We all love horses here and that’s a fact. Regardless of who you are, where you’re from, or what kind of a person you think you are, chances are that if you clicked on this link then you are just as much of a fan of horses as the rest of us are, and that’s perfectly fine.

One mistake that most people make out there is they actually end up believing that you need to have owned horses all your life to actually love them to begin with, and that’s honestly quite a huge misconception to say the least.

Many of us have always found horses to be fascinating and beautiful, but because we lived in the city or we couldn’t afford to actually take care of one, we just never got to own one for ourselves, until now.

Mini horse
Photo by Julissa Helmuth / pexels.com

Because of this, most of us don’t how to take care of a horse and more specifically we end up dismissing the idea of ever buying one, because we are afraid that we won’t know how to actually deal with it.

Rest assured though knowing that you’re not alone in this, as there are millions of others out there that are going through the same thing as we speak. In order to help you and everyone else that is facing this problem we decided to bring you our very own guides depicting all of the ins and outs of the craft.

In this detailed article we decided to cover miniature horses and everything that they may entail. So, let’s just hop right into a quick little introduction on what separates miniature horses from any other horses out there:

The History of Miniature Horses

History of Miniature Horses
Photo by Soledad Lorieto / unsplash.com

Miniature horses were actually first developed way back in the 1600s somewhere in Europe. They quickly became popular because of their adorable look and of course, their small size.

They were actually first used for labor in mines because of their small size, as they could easily walk in and out of the mines without causing any collapses inside. They made their way into the United States around the late 1800s, where they quickly caught on yet again for mining purposes.

A couple of decades later though they started to get recognized for their strange, look and before long they even had two registries made specifically for them, aka the American Miniature Horse association and the American Miniature Horse Registry.

With this newfound popularity, their numbers started to double up overnight as more and more people started to pay attention to them, increasing their demand not only for mining purposes but also for their aesthetic.

How Small Are Miniature Horses?

How Small Are Miniature Horses
7S Miniature Horse Farm / facebook.com

Considering the fact that they are literally known as miniature horses, how mini are they really? Well, for the most part, the American Miniature Horse Association only considers horses measuring 34 inches to be purebred, with any horse that grows taller than that not being officially recognized as a mini.

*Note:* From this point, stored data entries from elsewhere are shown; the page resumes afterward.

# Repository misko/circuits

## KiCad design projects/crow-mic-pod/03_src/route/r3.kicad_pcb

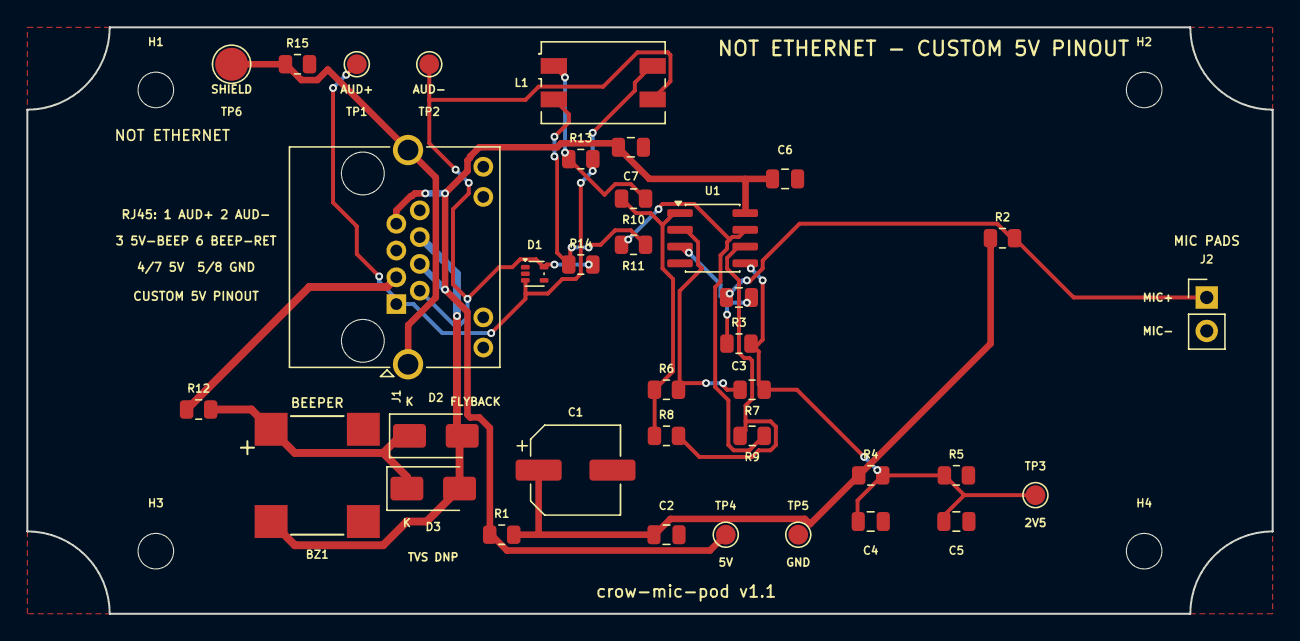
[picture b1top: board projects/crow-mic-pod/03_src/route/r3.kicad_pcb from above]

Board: 2 copper layers, 94.5 x 44.5 mm, 40 parts (0 on the bottom side), 18 nets.

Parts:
BZ1: CMT-8504-100-SMT-TR; CMT-8504
C1: 100u 5VF; CP_Elec_6.3x5.4
C2: 100n 5VF; C_0805_2012Metric
C3: 1u coupling; C_0805_2012Metric
C4: 10u VMID; C_0805_2012Metric
C5: 100n VMID; C_0805_2012Metric
C6: 100n U1; C_0805_2012Metric
C7: 10u 5V bulk; C_0805_2012Metric
D1: TPD2E2U06DRLR; SOT-553
D2: SS14 flyback; D_SMA
D3: SMAJ6.0A TVS DNP; D_SMA
H1, H2, H3, H4: MountingHole_2.7mm_M2.5
J1: RJHSE-5384; RJ45_Amphenol_RJHSE538X
J2: MIC PADS (AOM-5024L); PinHeader_1x02_P2.54mm_Vertical
L1: CM choke DNP; L_CommonMode_Wuerth_WE-SL2
R1: 100R 5VF; R_0805_2012Metric
R2: 3.9k mic bias; R_0805_2012Metric
R3: 100k bias; R_0805_2012Metric
R4: 10k div hi; R_0805_2012Metric
R5: 10k div lo; R_0805_2012Metric
R6: 10k fb A; R_0805_2012Metric
R7: 20k gain A; R_0805_2012Metric
R8: 20k inv in; R_0805_2012Metric
R9: 20k inv fb; R_0805_2012Metric
R10: 68R iso +; R_0805_2012Metric
R11: 68R iso -; R_0805_2012Metric
R12: 0R beep series; R_0805_2012Metric
R13: 0R choke byp +; R_0805_2012Metric
R14: 0R choke byp -; R_0805_2012Metric
R15: shield bond DNP; R_0805_2012Metric
TP1: TP AUDIO+; TestPoint_Pad_D1.5mm
TP2: TP AUDIO-; TestPoint_Pad_D1.5mm
TP3: TP 2V5 MID; TestPoint_Pad_D1.5mm
TP4: TP 5V; TestPoint_Pad_D1.5mm
TP5: TP GND; TestPoint_Pad_D1.5mm
TP6: SHIELD BOND PAD; TestPoint_Pad_D2.5mm
U1: OPA1678IDR; SOIC-8_3.9x4.9mm_P1.27mm

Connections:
5V: C6.1, C7.1, J1.4, J1.7, R1.1, TP4.1, U1.8
5VF: C1.1, C2.1, R1.2, R2.1, R4.1
AIN: C3.2, R3.1, U1.3
AUDIO_N: D1.5, J1.2, L1.3, R14.2, TP2.1
AUDIO_P: D1.3, J1.1, L1.4, R13.2, TP1.1
AUD_N_I: L1.2, R11.2, R14.1
AUD_P_I: L1.1, R10.2, R13.1
A_OUT: R6.1, R8.1, R10.1, U1.1
BEEP_5V: J1.3, R12.1
BEEP_RET: BZ1.2, D2.2, D3.2, J1.6
BZ_P: BZ1.1, D2.1, D3.1, R12.2
B_OUT: R9.2, R11.1, U1.7
FB_A: R6.2, R7.1, U1.2
FB_B: R8.2, R9.1, U1.6
GND: C1.2, C2.2, C4.2, C5.2, C6.2, C7.2, D1.4, J1.5, J1.8, J2.2, R5.2, R15.2, TP5.1, U1.4
MIC: C3.1, J2.1, R2.2
SHIELD: J1.SH, R15.1, TP6.1
VMID: C4.1, C5.1, R3.2, R4.2, R5.1, R7.2, TP3.1, U1.5

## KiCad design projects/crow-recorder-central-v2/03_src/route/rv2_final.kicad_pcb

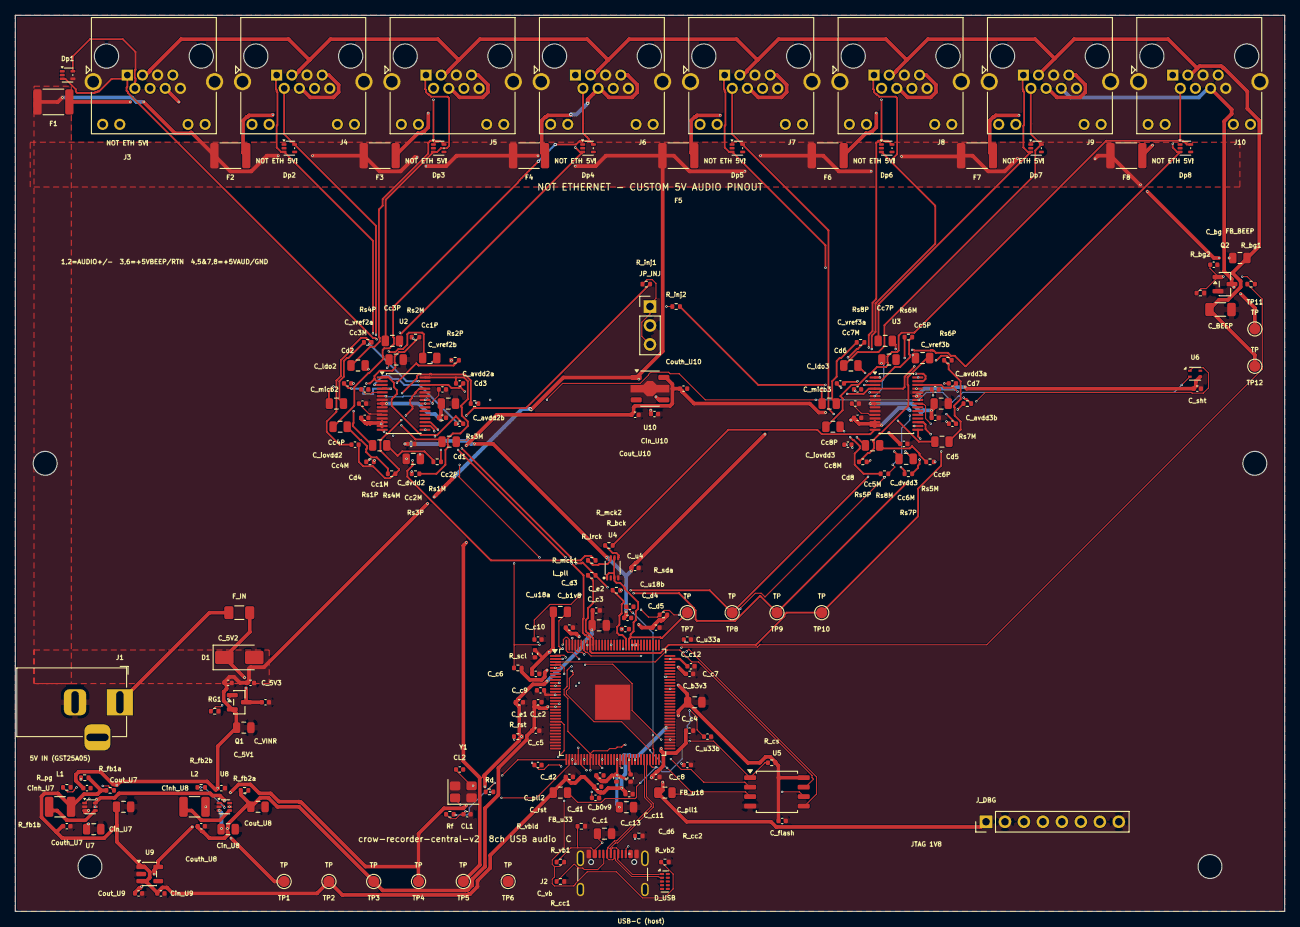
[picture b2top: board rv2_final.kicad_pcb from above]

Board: 6 copper layers, 170.0 x 120.0 mm, 203 parts (0 on the bottom side), 116 nets.

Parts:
CL1, CL2: 12pF; C_0402_1005Metric
C_5V1: 22uF; C_0805_2012Metric
C_5V2, C_5V3: 100nF; C_0402_1005Metric
C_BEEP: 47uF; C_1206_3216Metric
C_VINR: 100nF; C_0402_1005Metric
C_avdd2a, C_avdd3a: 10uF; C_0805_2012Metric
C_avdd2b, C_avdd3b: 100nF; C_0402_1005Metric
C_b0v9, C_b1v8, C_b3v3: 10uF; C_0805_2012Metric
C_bg: 4.7nF; C_0402_1005Metric
C_c1, C_c2, C_c3, C_c4, C_c5, C_c6, C_c7, C_c8, C_c9, C_c10, C_c11, C_c12, C_c13: 100nF; C_0402_1005Metric
C_d1, C_d2, C_d3, C_d4, C_d5, C_d6: 100nF; C_0402_1005Metric
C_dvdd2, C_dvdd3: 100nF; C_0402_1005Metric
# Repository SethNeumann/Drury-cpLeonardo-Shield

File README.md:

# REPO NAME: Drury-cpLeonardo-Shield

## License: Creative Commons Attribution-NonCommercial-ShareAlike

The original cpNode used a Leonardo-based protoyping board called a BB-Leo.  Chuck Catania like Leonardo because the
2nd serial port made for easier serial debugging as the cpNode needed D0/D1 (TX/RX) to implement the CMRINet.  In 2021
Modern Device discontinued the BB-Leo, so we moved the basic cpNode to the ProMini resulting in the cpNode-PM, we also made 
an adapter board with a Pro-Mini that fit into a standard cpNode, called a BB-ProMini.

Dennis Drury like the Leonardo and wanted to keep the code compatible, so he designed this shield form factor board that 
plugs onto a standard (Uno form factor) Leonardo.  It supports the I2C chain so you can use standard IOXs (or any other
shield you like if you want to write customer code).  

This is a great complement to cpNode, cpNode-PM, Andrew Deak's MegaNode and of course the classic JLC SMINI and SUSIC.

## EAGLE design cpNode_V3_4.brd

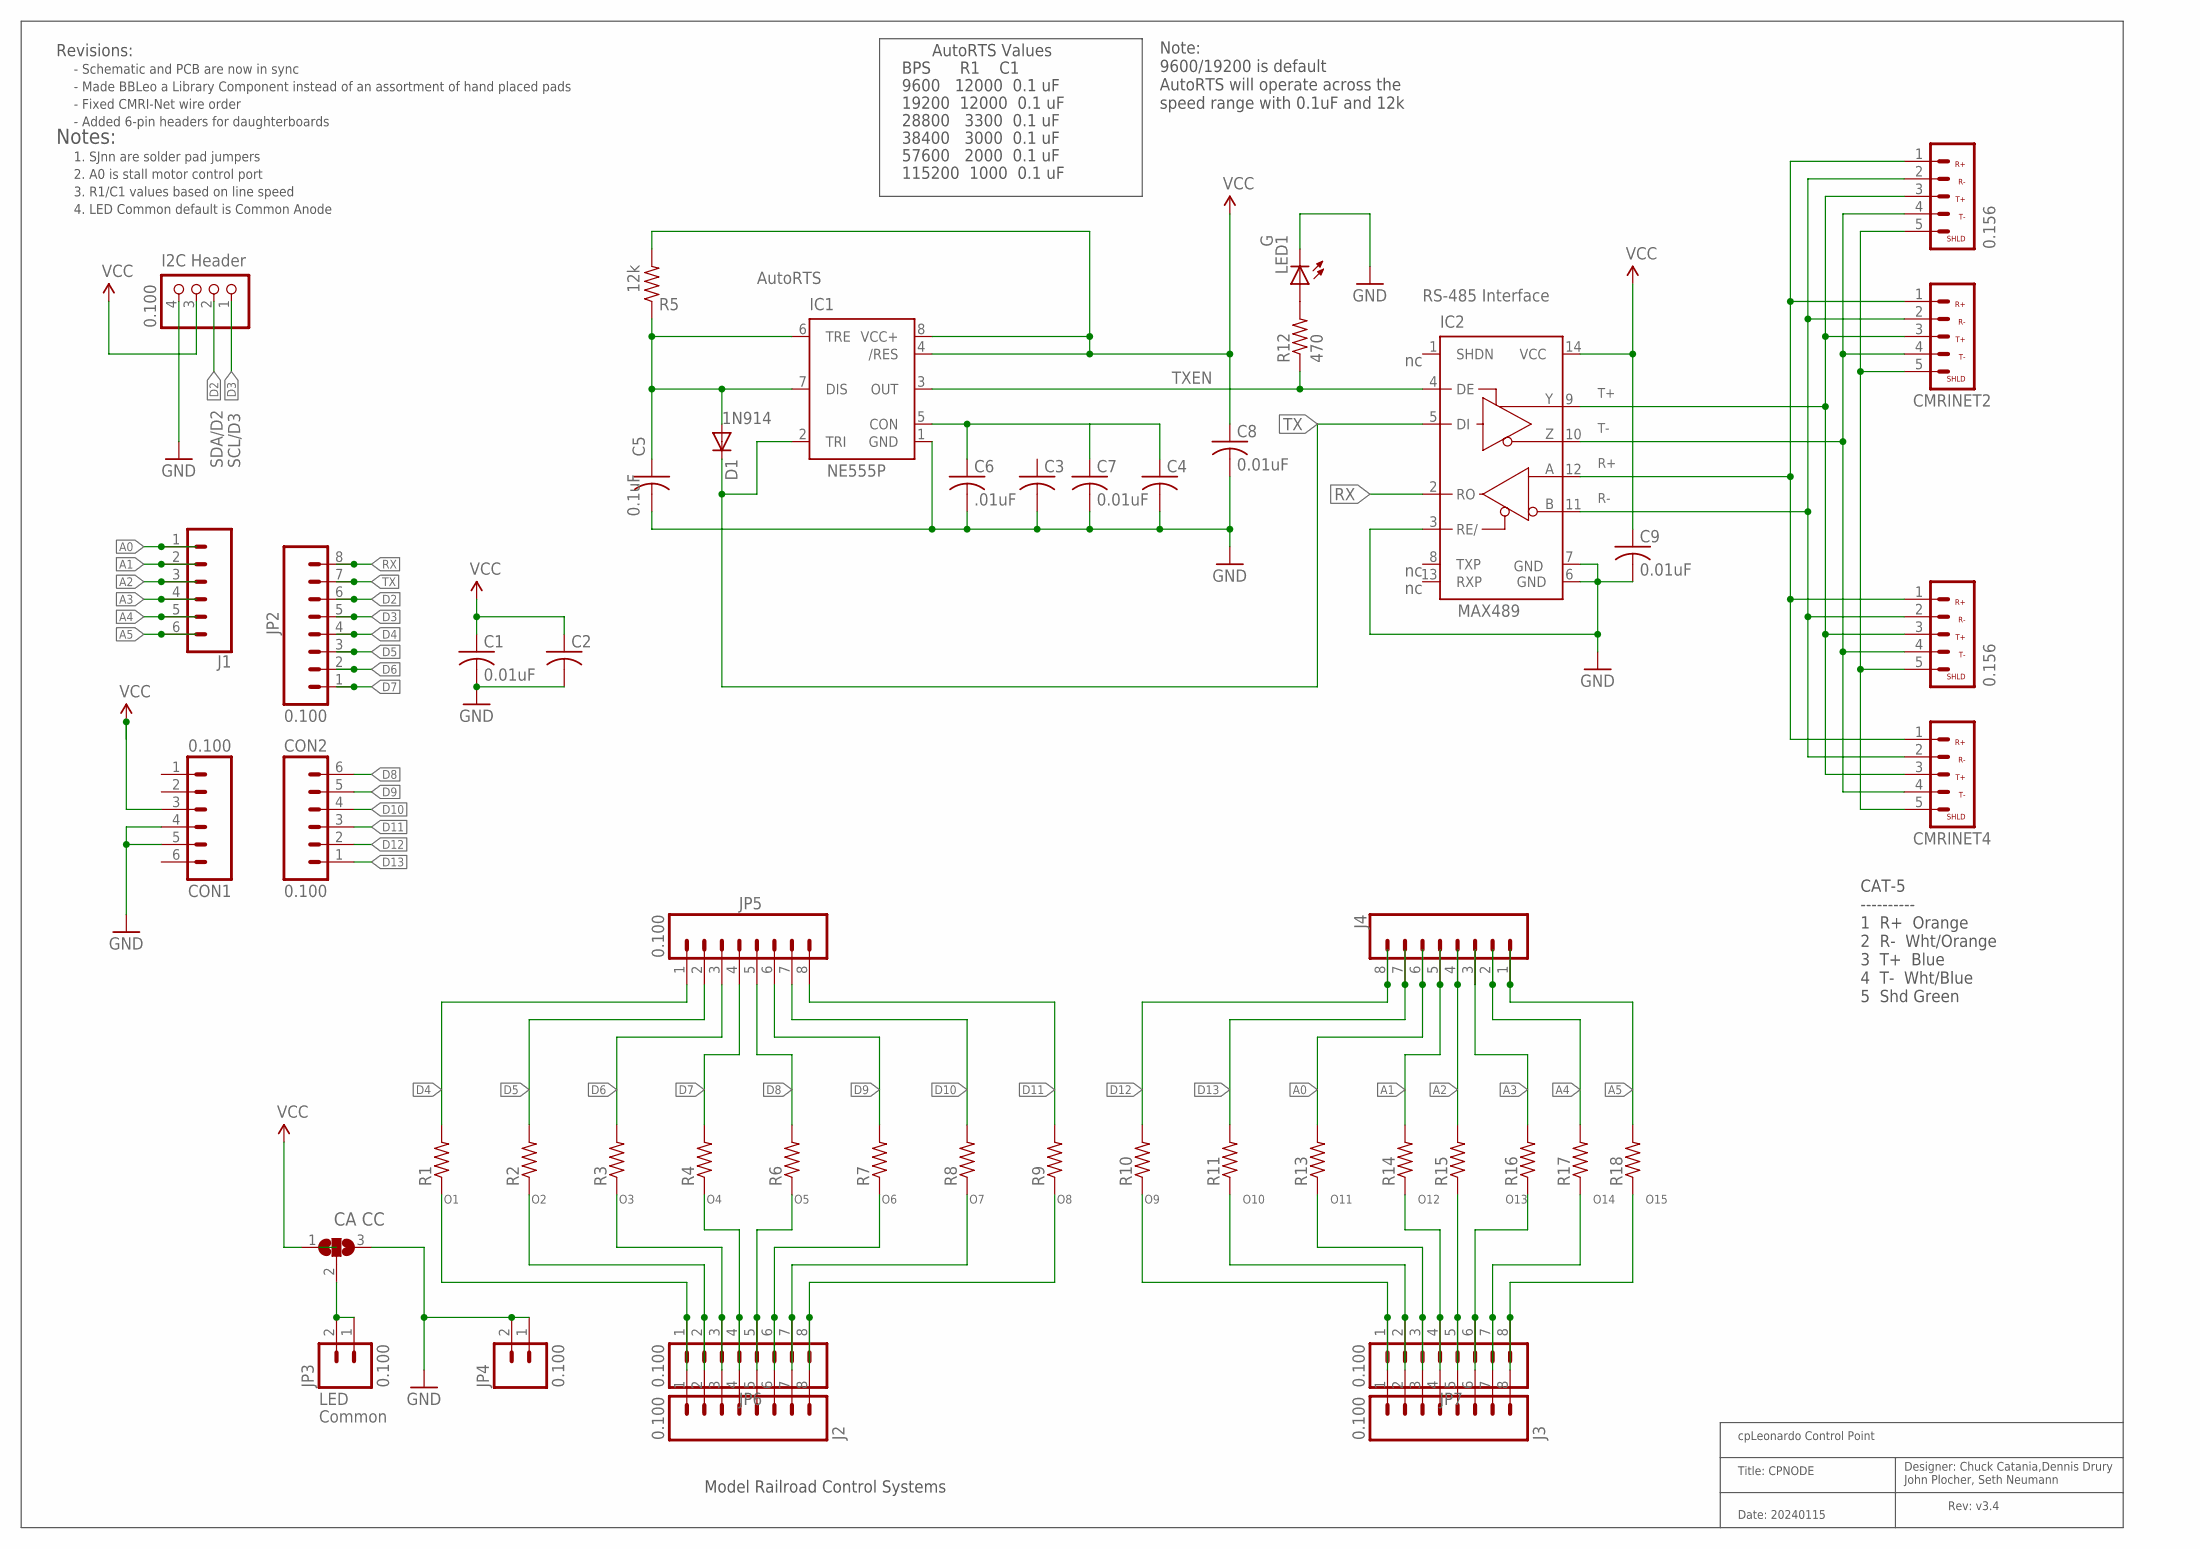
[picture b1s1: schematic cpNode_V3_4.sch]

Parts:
C1, C7, C8, C9: 0.01uF; C-PTH-0.100
C2, C3, C4: CAPPTH1; C050-024X044
C5: 0.1uF; C-PTH-0.100
C6: .01uF; C050-024X044
CMRINET1, CMRINET3: 0.156; KK-156-5
CMRINET2, CMRINET4: 3.5mm; CMRINET-3.5MM
CON1, CON2: 0.100; 1X06-SIP_LOCK
D1: 1N4148; DIODE-1N4148
IC1: NE555P; DIL-08
IC2: MAX3465CPD; DIL14
J1: CONN_06SILK_FEMALE_PTH; 1X06
J2, J3: 0.100; 1X08_LOCK_LONGPADS
J4: CONN_08"; 1X08
JP1: 0.100; 1X04/90
JP2, JP5, JP6, JP7: 0.100; 1X08
JP3, JP4: 0.100; MOLEX-1X2_LOCK
LED1: G; LED3MM
P1: CA CC; 3P-SMD-2X4.8
R1, R2, R3, R4, R6, R7, R8, R9, R10, R11, R13, R14, R15, R16, R17, R18: RPTH-R0; CUT-R
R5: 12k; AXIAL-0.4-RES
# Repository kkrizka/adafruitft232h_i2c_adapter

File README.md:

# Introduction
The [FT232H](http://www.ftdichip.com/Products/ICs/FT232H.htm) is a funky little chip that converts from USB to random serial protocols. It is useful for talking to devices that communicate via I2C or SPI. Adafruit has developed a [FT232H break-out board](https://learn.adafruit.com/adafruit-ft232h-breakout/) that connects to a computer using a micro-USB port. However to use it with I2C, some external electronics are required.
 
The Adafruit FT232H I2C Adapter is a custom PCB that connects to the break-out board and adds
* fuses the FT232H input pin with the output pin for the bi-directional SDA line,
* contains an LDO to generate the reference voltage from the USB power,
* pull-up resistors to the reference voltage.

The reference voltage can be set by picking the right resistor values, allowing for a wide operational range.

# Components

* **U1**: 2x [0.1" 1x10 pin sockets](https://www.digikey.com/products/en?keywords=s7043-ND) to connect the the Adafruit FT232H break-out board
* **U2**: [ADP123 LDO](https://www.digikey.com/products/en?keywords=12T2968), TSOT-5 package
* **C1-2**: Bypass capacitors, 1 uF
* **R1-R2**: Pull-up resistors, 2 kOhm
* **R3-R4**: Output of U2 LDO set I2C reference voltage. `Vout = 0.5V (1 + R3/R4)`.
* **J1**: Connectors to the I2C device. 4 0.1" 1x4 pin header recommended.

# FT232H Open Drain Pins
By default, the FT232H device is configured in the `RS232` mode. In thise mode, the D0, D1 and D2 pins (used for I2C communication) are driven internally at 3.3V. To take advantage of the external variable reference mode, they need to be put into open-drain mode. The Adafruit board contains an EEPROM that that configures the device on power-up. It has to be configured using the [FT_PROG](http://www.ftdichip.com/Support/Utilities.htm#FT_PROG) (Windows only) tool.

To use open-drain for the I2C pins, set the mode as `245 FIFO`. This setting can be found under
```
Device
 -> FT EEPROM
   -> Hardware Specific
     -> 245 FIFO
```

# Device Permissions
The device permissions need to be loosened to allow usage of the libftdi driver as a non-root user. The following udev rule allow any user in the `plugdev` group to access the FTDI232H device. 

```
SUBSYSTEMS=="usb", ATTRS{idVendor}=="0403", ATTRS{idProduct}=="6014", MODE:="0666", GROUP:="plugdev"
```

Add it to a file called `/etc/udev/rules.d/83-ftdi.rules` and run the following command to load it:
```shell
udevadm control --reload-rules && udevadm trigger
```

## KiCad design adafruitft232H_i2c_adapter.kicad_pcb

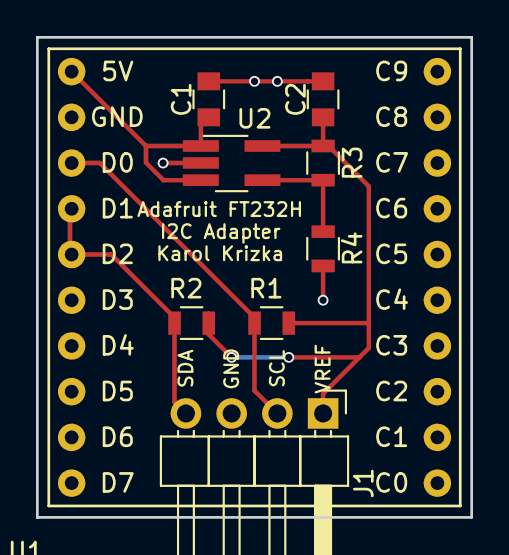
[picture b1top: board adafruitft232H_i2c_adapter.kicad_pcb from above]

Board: 2 copper layers, 24.1 x 26.7 mm, 9 parts (0 on the bottom side), 6 nets.

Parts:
C1, C2: 1uF; C_0805
J1: CONN_01X04; Pin_Header_Angled_1x04_Pitch2.54mm
R1, R2, R3, R4: R; R_0805
U1: adafruit_ft232h; adafruit_ft232h_nohole
U2: APD123; TSOT-23-5_HandSoldering

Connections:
/5V: C1.1, U1.1, U2.1, U2.3
/SCL: J1.2, R1.2, U1.3
/SDA: J1.4, R2.2, U1.4, U1.5
/VREF: C2.1, J1.1, R1.1, R2.1, R3.1, U2.5
GND: C1.2, C2.2, J1.3, R4.2, U1.2, U2.2
unnamed: R3.2, R4.1, U2.4

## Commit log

2018-01-04 Import empty project.
2018-01-04 Schematic done.
2018-01-04 Add fp-lib-table?
2018-01-05 Small layout updates to make silkscreen prettier. Add gerbers.
2018-01-05 Remove extra wires.
2018-01-05 Add name and title.
2018-04-03 Update the components list in the README.md.
2018-05-17 Update README with udev rule.

The American Miniature Horse Registry however does believe that there are two different types of miniature horses to be found on the market.

The first of these is around 34 inches tall while the second one can grow as large as 38 inches. Again, anything larger than that is not officially considered to be a miniature horse to begin with.

For the most part, miniature horses will weigh something between 150 and 350 pounds in total, with the great majority of them being on the smaller size and the occasional one reaching around 300 pounds during their peak.

You can actually contact your breeder in case your miniature horse is taller than 3 feet tall and ask for a different horse or your money back. There have been many cases of people suing their breeders because their minis were taller than that and for the most part, they’ve won their cases.

How Much Do Miniature Horses Cost?

How Much Do Miniature Horses Cost
Equitot Inc. Classic Miniature Horses / facebook.com

When it comes to their overall price, we can’t give you an exact assessment as it all depends on the availability in your area and of course, the pedigree of the horse itself.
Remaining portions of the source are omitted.